The areas with the lowest allocation of police per head (from the lowest)
• Harare;
• Lwandle;
• Belhar;
• Nyanga;
• Ocean View;
• Delft;
• Cloetesville;
• Kraaifontein;
• Mfuleni; and Strandfontein

The bad formula is suggested by the fact that many areas in KZN have even lower allocations than Harare (which is the lowest in the Western Cape). The Social Justice Coalition has gone to court to try to get SAPS to revise the formula they use, in line with what the Khayelitsha Commission recommended.

“Government is always faced with the decision of where to put resources and they must show that they are doing it rationally.”
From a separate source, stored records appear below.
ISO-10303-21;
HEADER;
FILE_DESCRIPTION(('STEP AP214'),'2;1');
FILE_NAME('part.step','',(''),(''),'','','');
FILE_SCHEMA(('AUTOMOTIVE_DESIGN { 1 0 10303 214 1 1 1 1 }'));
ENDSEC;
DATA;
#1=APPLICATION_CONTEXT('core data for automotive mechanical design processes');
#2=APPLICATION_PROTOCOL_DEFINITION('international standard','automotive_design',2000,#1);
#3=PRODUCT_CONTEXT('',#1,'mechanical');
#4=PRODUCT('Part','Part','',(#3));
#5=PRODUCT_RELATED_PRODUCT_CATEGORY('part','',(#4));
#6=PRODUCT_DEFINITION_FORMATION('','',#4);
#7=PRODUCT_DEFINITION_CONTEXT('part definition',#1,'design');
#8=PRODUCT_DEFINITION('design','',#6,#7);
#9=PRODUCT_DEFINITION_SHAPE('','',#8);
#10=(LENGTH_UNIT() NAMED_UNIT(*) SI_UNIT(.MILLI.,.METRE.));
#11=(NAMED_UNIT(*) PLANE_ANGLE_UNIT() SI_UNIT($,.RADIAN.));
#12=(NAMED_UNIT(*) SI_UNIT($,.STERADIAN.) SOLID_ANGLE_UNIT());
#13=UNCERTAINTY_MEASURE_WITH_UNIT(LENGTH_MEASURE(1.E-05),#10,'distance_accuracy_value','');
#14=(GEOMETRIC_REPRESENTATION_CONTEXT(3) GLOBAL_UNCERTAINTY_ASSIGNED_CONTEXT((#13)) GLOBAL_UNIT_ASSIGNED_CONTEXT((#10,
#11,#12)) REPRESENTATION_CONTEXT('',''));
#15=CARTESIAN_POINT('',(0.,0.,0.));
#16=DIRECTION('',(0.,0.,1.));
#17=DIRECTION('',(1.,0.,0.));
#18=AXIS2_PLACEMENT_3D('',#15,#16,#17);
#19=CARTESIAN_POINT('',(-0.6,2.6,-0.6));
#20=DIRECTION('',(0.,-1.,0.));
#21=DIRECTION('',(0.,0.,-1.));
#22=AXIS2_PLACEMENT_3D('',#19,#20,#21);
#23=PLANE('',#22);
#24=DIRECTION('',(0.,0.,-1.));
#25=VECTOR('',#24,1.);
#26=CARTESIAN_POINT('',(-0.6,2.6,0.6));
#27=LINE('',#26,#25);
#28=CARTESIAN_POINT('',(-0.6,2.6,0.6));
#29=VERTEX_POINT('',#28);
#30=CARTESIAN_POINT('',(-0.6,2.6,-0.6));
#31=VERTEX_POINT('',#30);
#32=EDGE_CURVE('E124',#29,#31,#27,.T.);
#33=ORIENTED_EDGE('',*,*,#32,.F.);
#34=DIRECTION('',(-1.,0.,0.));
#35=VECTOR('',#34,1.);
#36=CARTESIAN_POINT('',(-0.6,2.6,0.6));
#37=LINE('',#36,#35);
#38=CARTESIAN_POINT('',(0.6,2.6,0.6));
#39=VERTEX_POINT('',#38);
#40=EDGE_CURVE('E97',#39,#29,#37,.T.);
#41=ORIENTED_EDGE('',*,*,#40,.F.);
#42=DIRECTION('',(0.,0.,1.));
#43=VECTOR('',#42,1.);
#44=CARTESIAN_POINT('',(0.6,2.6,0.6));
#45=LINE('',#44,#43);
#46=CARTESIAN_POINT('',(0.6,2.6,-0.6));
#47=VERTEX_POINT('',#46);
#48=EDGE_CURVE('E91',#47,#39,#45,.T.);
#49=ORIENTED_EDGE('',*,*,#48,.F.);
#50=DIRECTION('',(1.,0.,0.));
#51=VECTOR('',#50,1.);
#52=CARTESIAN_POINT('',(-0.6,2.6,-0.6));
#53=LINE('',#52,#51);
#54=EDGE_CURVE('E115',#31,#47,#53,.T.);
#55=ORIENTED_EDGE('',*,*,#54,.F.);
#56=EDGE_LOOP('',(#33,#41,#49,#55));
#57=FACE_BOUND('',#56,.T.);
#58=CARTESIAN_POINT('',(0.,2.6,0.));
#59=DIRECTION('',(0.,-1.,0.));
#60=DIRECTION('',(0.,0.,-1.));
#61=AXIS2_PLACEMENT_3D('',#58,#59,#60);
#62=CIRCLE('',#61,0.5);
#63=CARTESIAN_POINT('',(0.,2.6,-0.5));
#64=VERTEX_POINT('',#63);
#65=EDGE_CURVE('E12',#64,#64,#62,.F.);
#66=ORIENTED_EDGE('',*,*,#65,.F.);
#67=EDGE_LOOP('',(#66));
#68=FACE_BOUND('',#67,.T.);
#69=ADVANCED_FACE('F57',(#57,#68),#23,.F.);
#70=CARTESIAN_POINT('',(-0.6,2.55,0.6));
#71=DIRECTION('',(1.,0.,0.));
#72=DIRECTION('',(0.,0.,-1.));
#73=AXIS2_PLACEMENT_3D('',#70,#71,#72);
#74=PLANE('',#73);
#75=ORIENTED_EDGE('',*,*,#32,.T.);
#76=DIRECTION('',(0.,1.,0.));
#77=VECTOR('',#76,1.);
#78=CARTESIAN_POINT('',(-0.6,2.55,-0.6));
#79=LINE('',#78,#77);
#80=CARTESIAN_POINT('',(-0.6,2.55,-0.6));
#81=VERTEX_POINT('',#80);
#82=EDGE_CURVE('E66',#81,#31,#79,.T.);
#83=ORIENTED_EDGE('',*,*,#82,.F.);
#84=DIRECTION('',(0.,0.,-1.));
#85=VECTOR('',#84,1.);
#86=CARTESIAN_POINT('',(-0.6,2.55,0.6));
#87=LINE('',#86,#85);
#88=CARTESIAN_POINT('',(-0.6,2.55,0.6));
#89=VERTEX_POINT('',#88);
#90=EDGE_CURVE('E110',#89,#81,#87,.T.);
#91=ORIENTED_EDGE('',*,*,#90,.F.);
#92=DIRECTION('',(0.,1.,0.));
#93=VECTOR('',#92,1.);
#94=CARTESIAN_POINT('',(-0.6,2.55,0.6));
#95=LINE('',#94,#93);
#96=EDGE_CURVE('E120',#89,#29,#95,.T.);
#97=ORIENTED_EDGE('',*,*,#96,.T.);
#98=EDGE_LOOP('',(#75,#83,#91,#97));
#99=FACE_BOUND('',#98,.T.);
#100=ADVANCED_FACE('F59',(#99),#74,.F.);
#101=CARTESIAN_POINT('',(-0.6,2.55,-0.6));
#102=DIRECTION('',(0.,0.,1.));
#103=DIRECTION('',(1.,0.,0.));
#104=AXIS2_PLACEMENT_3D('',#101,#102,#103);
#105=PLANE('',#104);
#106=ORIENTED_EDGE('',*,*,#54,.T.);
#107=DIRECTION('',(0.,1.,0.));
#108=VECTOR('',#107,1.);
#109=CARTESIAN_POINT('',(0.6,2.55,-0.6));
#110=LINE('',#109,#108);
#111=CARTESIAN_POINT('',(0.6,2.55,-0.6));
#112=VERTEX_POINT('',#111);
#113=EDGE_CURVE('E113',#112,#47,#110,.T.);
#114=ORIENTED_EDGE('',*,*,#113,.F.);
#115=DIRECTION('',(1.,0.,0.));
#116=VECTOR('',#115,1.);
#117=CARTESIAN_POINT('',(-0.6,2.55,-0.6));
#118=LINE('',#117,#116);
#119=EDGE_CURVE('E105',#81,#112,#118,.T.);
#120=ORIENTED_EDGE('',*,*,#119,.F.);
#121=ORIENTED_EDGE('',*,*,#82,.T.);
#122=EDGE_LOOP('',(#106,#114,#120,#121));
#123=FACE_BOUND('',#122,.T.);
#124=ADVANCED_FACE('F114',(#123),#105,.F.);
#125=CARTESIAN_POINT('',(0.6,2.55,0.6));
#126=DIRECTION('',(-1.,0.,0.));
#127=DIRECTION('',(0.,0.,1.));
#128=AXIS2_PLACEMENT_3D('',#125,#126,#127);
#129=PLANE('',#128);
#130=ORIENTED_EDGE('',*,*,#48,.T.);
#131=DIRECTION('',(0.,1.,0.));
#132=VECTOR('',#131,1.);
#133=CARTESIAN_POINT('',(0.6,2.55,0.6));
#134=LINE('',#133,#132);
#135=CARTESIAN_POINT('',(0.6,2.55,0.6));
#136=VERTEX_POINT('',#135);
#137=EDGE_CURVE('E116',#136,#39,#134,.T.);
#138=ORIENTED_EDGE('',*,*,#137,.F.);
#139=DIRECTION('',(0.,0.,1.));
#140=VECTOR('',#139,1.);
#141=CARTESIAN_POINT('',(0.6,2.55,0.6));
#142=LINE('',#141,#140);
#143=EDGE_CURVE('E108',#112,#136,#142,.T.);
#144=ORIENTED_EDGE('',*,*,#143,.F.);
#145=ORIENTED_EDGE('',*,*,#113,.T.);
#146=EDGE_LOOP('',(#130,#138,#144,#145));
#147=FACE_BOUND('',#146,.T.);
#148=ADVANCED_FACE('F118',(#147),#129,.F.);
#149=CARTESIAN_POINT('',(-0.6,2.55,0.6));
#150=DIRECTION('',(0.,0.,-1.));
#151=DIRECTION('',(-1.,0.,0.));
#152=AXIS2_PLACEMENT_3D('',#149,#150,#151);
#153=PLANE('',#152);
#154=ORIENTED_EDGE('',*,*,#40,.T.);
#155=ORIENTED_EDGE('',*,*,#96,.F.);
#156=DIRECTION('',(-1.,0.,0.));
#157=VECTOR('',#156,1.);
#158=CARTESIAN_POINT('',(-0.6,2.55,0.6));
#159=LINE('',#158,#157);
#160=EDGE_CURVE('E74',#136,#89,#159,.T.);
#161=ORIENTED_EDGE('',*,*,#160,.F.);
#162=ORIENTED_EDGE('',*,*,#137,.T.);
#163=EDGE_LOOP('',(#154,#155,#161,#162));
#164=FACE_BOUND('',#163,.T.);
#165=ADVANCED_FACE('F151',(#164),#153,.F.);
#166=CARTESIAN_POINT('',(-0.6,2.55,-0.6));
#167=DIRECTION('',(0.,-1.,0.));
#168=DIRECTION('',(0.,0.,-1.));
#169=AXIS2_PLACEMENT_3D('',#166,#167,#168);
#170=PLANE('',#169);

Police resources are determined on a yearly basis and what can happen locally is that the provincial police commissioner can say for example that we are having a big operation in Manenberg so they can take police from Cape Town central and allocate them to Manenberg for a year or a month or whatever.

“In the Western Cape it is possible for the police commissioner to shuffle people around so it doesn’t mean that there are less police resources, but then is often very difficult to do because it is difficult to take police away from one area,” Redpath further explained.